**REQUIRED WORK:**
Write out every entry exactly as it appears, omitting the pictures.

[EXTRACTED ENTRIES — start]

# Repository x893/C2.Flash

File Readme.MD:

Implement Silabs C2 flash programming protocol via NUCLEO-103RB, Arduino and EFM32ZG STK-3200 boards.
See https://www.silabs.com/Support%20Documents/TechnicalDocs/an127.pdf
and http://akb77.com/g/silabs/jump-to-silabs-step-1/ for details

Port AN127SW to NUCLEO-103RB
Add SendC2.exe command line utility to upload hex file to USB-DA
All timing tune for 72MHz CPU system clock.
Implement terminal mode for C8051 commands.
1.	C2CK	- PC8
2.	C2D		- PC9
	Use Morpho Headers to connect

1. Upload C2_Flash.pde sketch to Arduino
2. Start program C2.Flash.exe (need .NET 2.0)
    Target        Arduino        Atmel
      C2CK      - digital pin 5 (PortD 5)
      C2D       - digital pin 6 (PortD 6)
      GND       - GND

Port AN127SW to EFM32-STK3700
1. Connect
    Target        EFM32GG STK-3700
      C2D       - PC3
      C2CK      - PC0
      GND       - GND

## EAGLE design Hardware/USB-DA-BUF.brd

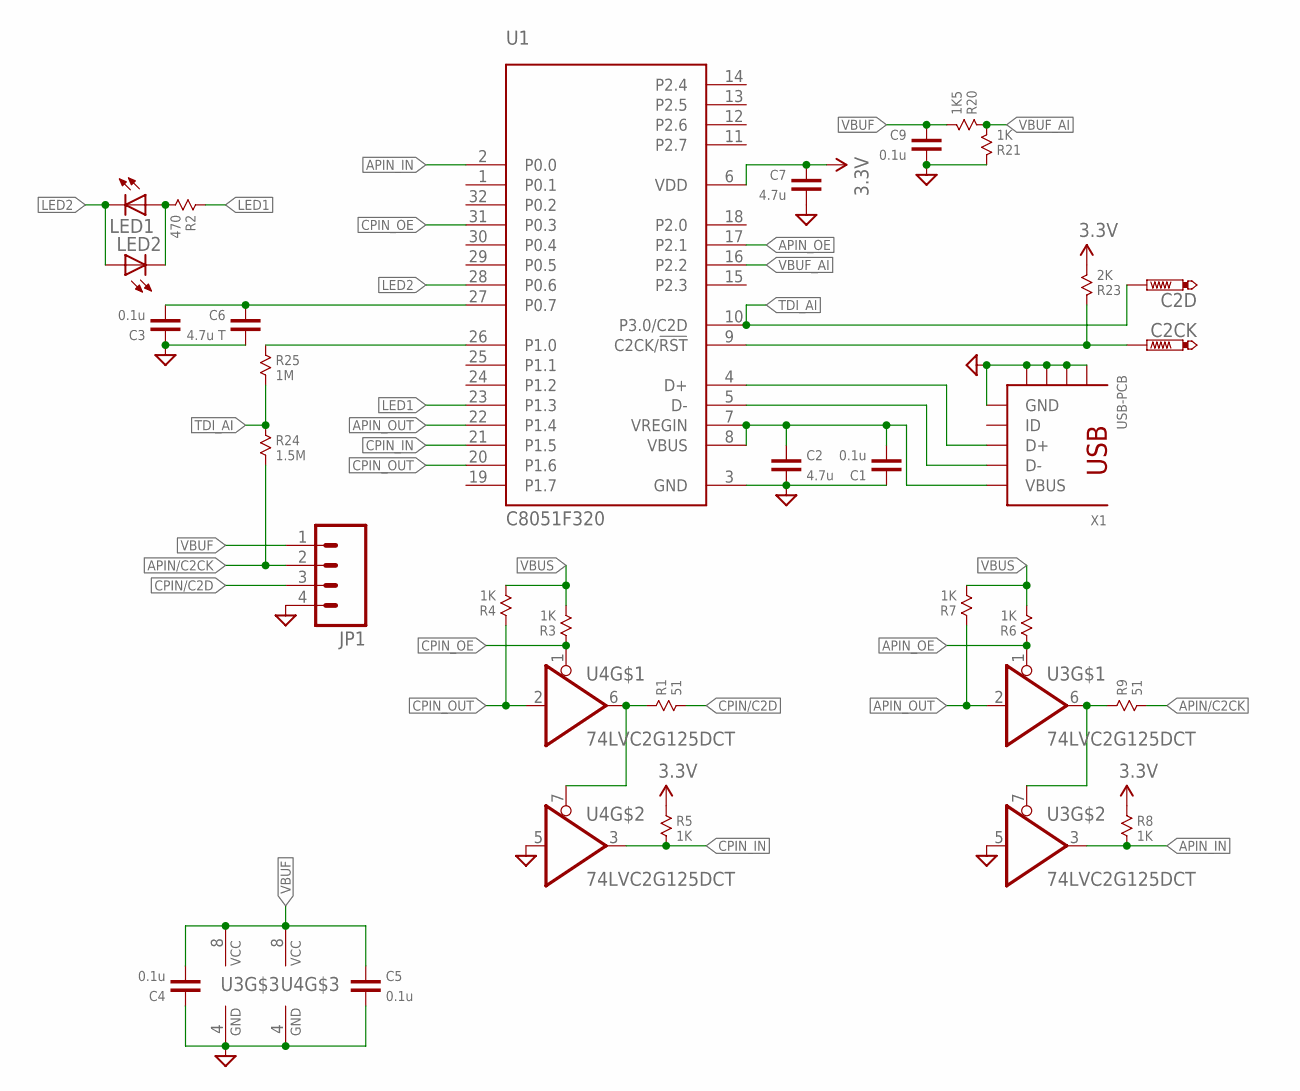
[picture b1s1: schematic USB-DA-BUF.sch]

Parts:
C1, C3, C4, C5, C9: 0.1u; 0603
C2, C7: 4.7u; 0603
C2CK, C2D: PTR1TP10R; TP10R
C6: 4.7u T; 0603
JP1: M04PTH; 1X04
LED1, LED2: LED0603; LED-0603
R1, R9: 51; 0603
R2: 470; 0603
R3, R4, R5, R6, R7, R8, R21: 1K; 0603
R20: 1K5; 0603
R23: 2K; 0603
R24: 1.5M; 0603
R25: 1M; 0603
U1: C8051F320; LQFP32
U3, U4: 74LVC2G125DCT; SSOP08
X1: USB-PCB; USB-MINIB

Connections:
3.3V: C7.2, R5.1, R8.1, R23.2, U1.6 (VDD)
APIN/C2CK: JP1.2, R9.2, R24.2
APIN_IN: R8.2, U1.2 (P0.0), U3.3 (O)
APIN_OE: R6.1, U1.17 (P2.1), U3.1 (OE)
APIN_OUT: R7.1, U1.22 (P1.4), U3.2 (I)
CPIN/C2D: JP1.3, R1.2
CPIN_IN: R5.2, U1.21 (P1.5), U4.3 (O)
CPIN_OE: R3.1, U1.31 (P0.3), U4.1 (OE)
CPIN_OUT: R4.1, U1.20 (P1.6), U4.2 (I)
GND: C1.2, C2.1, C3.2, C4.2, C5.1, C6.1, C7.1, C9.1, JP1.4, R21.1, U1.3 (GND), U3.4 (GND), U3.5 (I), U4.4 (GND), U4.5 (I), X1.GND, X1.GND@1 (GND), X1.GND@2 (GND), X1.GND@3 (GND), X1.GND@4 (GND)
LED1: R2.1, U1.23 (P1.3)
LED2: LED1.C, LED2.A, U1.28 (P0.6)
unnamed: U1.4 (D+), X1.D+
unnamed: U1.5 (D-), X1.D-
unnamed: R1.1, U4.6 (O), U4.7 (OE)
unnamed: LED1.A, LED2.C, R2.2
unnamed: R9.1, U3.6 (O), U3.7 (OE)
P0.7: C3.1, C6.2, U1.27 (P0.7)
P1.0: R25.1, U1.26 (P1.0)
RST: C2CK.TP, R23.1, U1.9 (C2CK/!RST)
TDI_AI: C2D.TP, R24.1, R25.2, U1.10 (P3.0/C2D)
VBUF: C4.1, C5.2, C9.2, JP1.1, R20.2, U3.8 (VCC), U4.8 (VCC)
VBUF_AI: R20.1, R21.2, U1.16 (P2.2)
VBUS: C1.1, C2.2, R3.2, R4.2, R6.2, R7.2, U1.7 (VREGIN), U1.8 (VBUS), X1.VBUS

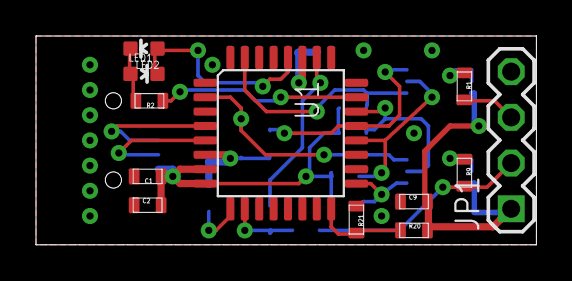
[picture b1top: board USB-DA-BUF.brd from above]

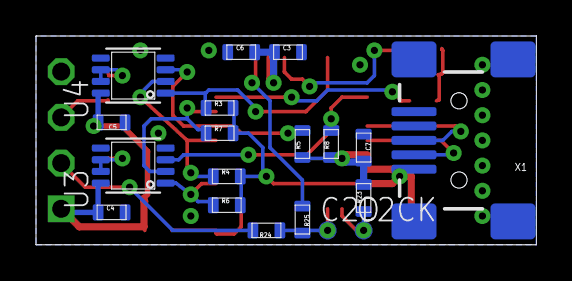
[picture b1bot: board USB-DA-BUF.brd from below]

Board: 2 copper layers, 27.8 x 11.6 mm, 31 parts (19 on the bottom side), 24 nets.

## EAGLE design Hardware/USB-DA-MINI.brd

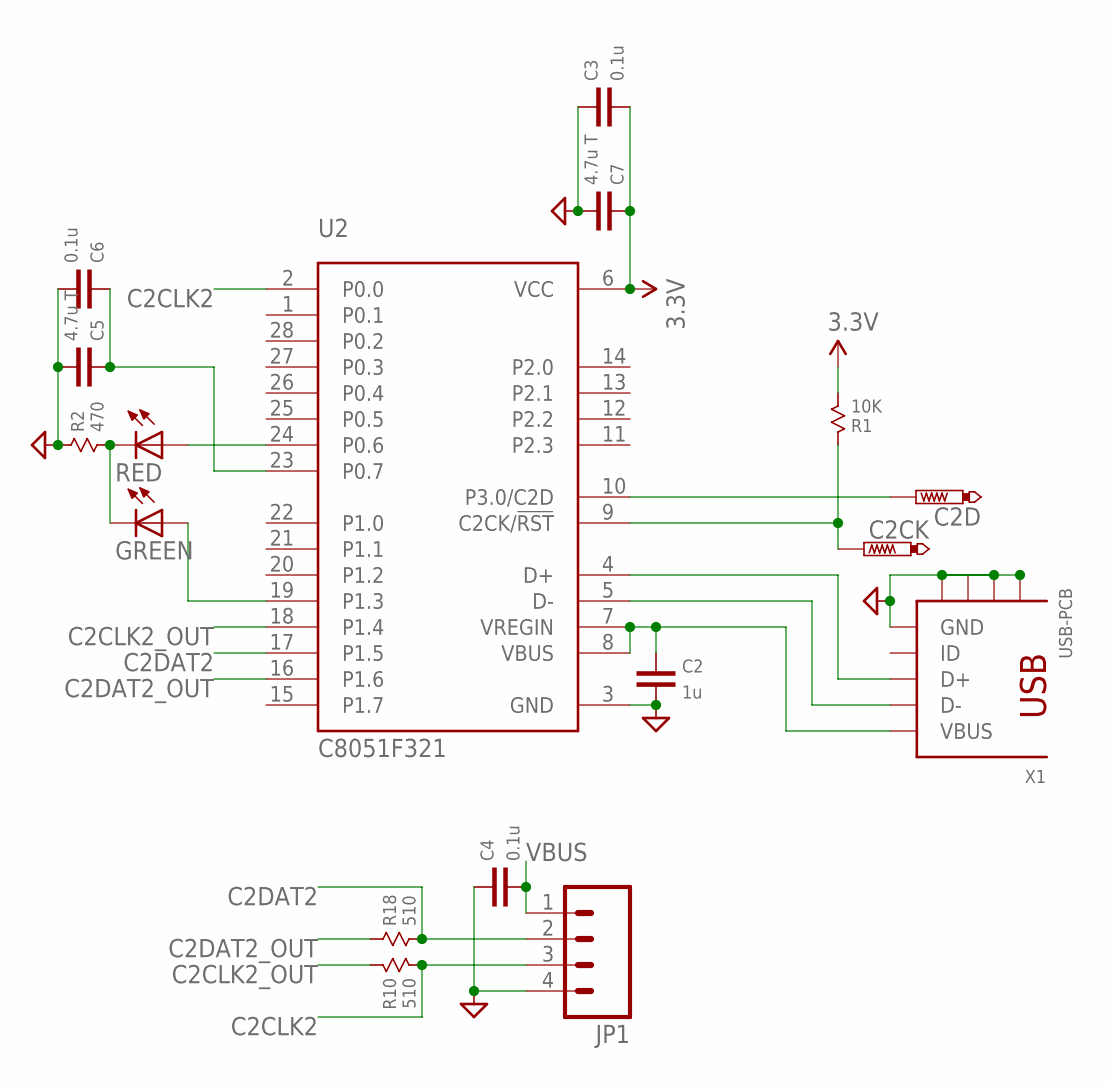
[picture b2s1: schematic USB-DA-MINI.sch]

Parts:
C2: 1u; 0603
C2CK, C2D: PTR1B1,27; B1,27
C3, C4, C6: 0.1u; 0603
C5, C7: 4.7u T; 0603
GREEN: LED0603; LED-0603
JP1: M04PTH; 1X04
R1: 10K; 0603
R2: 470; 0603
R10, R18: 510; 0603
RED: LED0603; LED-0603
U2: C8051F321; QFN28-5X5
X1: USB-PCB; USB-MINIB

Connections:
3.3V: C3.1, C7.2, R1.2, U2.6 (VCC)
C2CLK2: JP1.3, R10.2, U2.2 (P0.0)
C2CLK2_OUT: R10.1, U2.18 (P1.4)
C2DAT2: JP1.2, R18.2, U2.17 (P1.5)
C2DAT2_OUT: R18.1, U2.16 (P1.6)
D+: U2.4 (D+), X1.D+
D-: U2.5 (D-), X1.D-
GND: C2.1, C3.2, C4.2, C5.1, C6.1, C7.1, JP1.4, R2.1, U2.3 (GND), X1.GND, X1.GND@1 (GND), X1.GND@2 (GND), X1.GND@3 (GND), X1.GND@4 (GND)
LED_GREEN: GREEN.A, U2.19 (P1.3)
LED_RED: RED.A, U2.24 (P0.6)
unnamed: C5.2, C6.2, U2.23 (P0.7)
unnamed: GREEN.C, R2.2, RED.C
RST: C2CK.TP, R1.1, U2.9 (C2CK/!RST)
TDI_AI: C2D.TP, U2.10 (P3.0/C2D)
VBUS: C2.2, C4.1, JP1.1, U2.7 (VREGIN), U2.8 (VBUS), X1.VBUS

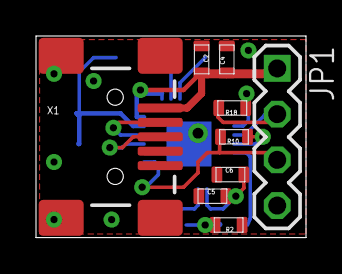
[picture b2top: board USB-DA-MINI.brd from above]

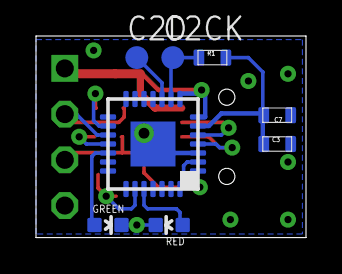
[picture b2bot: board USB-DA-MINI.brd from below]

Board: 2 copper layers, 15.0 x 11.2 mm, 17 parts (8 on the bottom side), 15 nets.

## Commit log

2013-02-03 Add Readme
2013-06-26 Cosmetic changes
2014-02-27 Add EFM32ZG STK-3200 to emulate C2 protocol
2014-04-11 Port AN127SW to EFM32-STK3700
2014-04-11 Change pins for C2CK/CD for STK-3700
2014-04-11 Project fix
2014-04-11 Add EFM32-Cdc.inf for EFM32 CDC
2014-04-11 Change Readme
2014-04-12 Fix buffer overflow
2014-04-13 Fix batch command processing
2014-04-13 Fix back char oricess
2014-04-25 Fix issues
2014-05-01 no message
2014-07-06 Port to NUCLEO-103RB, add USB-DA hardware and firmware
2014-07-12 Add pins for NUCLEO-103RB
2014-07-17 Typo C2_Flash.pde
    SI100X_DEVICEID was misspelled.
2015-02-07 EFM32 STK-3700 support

[EXTRACTED ENTRIES — finish]

**REPLY:**
# Repository x893/C2.Flash

File Readme.MD:

Implement Silabs C2 flash programming protocol via NUCLEO-103RB, Arduino and EFM32ZG STK-3200 boards.
See https://www.silabs.com/Support%20Documents/TechnicalDocs/an127.pdf
and http://akb77.com/g/silabs/jump-to-silabs-step-1/ for details

Port AN127SW to NUCLEO-103RB
Add SendC2.exe command line utility to upload hex file to USB-DA
All timing tune for 72MHz CPU system clock.
Implement terminal mode for C8051 commands.
1.	C2CK	- PC8
2.	C2D		- PC9
	Use Morpho Headers to connect

1. Upload C2_Flash.pde sketch to Arduino
2. Start program C2.Flash.exe (need .NET 2.0)
    Target        Arduino        Atmel
      C2CK      - digital pin 5 (PortD 5)
      C2D       - digital pin 6 (PortD 6)
      GND       - GND

Port AN127SW to EFM32-STK3700
1. Connect
    Target        EFM32GG STK-3700
      C2D       - PC3
      C2CK      - PC0
      GND       - GND

## EAGLE design Hardware/USB-DA-BUF.brd

[picture b1s1: schematic USB-DA-BUF.sch]

Parts:
C1, C3, C4, C5, C9: 0.1u; 0603
C2, C7: 4.7u; 0603
C2CK, C2D: PTR1TP10R; TP10R
C6: 4.7u T; 0603
JP1: M04PTH; 1X04
LED1, LED2: LED0603; LED-0603
R1, R9: 51; 0603
R2: 470; 0603
R3, R4, R5, R6, R7, R8, R21: 1K; 0603
R20: 1K5; 0603
R23: 2K; 0603
R24: 1.5M; 0603
R25: 1M; 0603
U1: C8051F320; LQFP32
U3, U4: 74LVC2G125DCT; SSOP08
X1: USB-PCB; USB-MINIB

Connections:
3.3V: C7.2, R5.1, R8.1, R23.2, U1.6 (VDD)
APIN/C2CK: JP1.2, R9.2, R24.2
APIN_IN: R8.2, U1.2 (P0.0), U3.3 (O)
APIN_OE: R6.1, U1.17 (P2.1), U3.1 (OE)
APIN_OUT: R7.1, U1.22 (P1.4), U3.2 (I)
CPIN/C2D: JP1.3, R1.2
CPIN_IN: R5.2, U1.21 (P1.5), U4.3 (O)
CPIN_OE: R3.1, U1.31 (P0.3), U4.1 (OE)
CPIN_OUT: R4.1, U1.20 (P1.6), U4.2 (I)
GND: C1.2, C2.1, C3.2, C4.2, C5.1, C6.1, C7.1, C9.1, JP1.4, R21.1, U1.3 (GND), U3.4 (GND), U3.5 (I), U4.4 (GND), U4.5 (I), X1.GND, X1.GND@1 (GND), X1.GND@2 (GND), X1.GND@3 (GND), X1.GND@4 (GND)
LED1: R2.1, U1.23 (P1.3)
LED2: LED1.C, LED2.A, U1.28 (P0.6)
unnamed: U1.4 (D+), X1.D+
unnamed: U1.5 (D-), X1.D-
unnamed: R1.1, U4.6 (O), U4.7 (OE)
unnamed: LED1.A, LED2.C, R2.2
unnamed: R9.1, U3.6 (O), U3.7 (OE)
P0.7: C3.1, C6.2, U1.27 (P0.7)
P1.0: R25.1, U1.26 (P1.0)
RST: C2CK.TP, R23.1, U1.9 (C2CK/!RST)
TDI_AI: C2D.TP, R24.1, R25.2, U1.10 (P3.0/C2D)
VBUF: C4.1, C5.2, C9.2, JP1.1, R20.2, U3.8 (VCC), U4.8 (VCC)
VBUF_AI: R20.1, R21.2, U1.16 (P2.2)
VBUS: C1.1, C2.2, R3.2, R4.2, R6.2, R7.2, U1.7 (VREGIN), U1.8 (VBUS), X1.VBUS

[picture b1top: board USB-DA-BUF.brd from above]

[picture b1bot: board USB-DA-BUF.brd from below]

Board: 2 copper layers, 27.8 x 11.6 mm, 31 parts (19 on the bottom side), 24 nets.

## EAGLE design Hardware/USB-DA-MINI.brd

[picture b2s1: schematic USB-DA-MINI.sch]

Parts:
C2: 1u; 0603
C2CK, C2D: PTR1B1,27; B1,27
C3, C4, C6: 0.1u; 0603
C5, C7: 4.7u T; 0603
GREEN: LED0603; LED-0603
JP1: M04PTH; 1X04
R1: 10K; 0603
R2: 470; 0603
R10, R18: 510; 0603
RED: LED0603; LED-0603
U2: C8051F321; QFN28-5X5
X1: USB-PCB; USB-MINIB

Connections:
3.3V: C3.1, C7.2, R1.2, U2.6 (VCC)
C2CLK2: JP1.3, R10.2, U2.2 (P0.0)
C2CLK2_OUT: R10.1, U2.18 (P1.4)
C2DAT2: JP1.2, R18.2, U2.17 (P1.5)
C2DAT2_OUT: R18.1, U2.16 (P1.6)
D+: U2.4 (D+), X1.D+
D-: U2.5 (D-), X1.D-
GND: C2.1, C3.2, C4.2, C5.1, C6.1, C7.1, JP1.4, R2.1, U2.3 (GND), X1.GND, X1.GND@1 (GND), X1.GND@2 (GND), X1.GND@3 (GND), X1.GND@4 (GND)
LED_GREEN: GREEN.A, U2.19 (P1.3)
LED_RED: RED.A, U2.24 (P0.6)
unnamed: C5.2, C6.2, U2.23 (P0.7)
unnamed: GREEN.C, R2.2, RED.C
RST: C2CK.TP, R1.1, U2.9 (C2CK/!RST)
TDI_AI: C2D.TP, U2.10 (P3.0/C2D)
VBUS: C2.2, C4.1, JP1.1, U2.7 (VREGIN), U2.8 (VBUS), X1.VBUS

[picture b2top: board USB-DA-MINI.brd from above]

[picture b2bot: board USB-DA-MINI.brd from below]

Board: 2 copper layers, 15.0 x 11.2 mm, 17 parts (8 on the bottom side), 15 nets.

## Commit log

2013-02-03 Add Readme
2013-06-26 Cosmetic changes
2014-02-27 Add EFM32ZG STK-3200 to emulate C2 protocol
2014-04-11 Port AN127SW to EFM32-STK3700
2014-04-11 Change pins for C2CK/CD for STK-3700
2014-04-11 Project fix
2014-04-11 Add EFM32-Cdc.inf for EFM32 CDC
2014-04-11 Change Readme
2014-04-12 Fix buffer overflow
2014-04-13 Fix batch command processing
2014-04-13 Fix back char oricess
2014-04-25 Fix issues
2014-05-01 no message
2014-07-06 Port to NUCLEO-103RB, add USB-DA hardware and firmware
2014-07-12 Add pins for NUCLEO-103RB
2014-07-17 Typo C2_Flash.pde
    SI100X_DEVICEID was misspelled.
2015-02-07 EFM32 STK-3700 support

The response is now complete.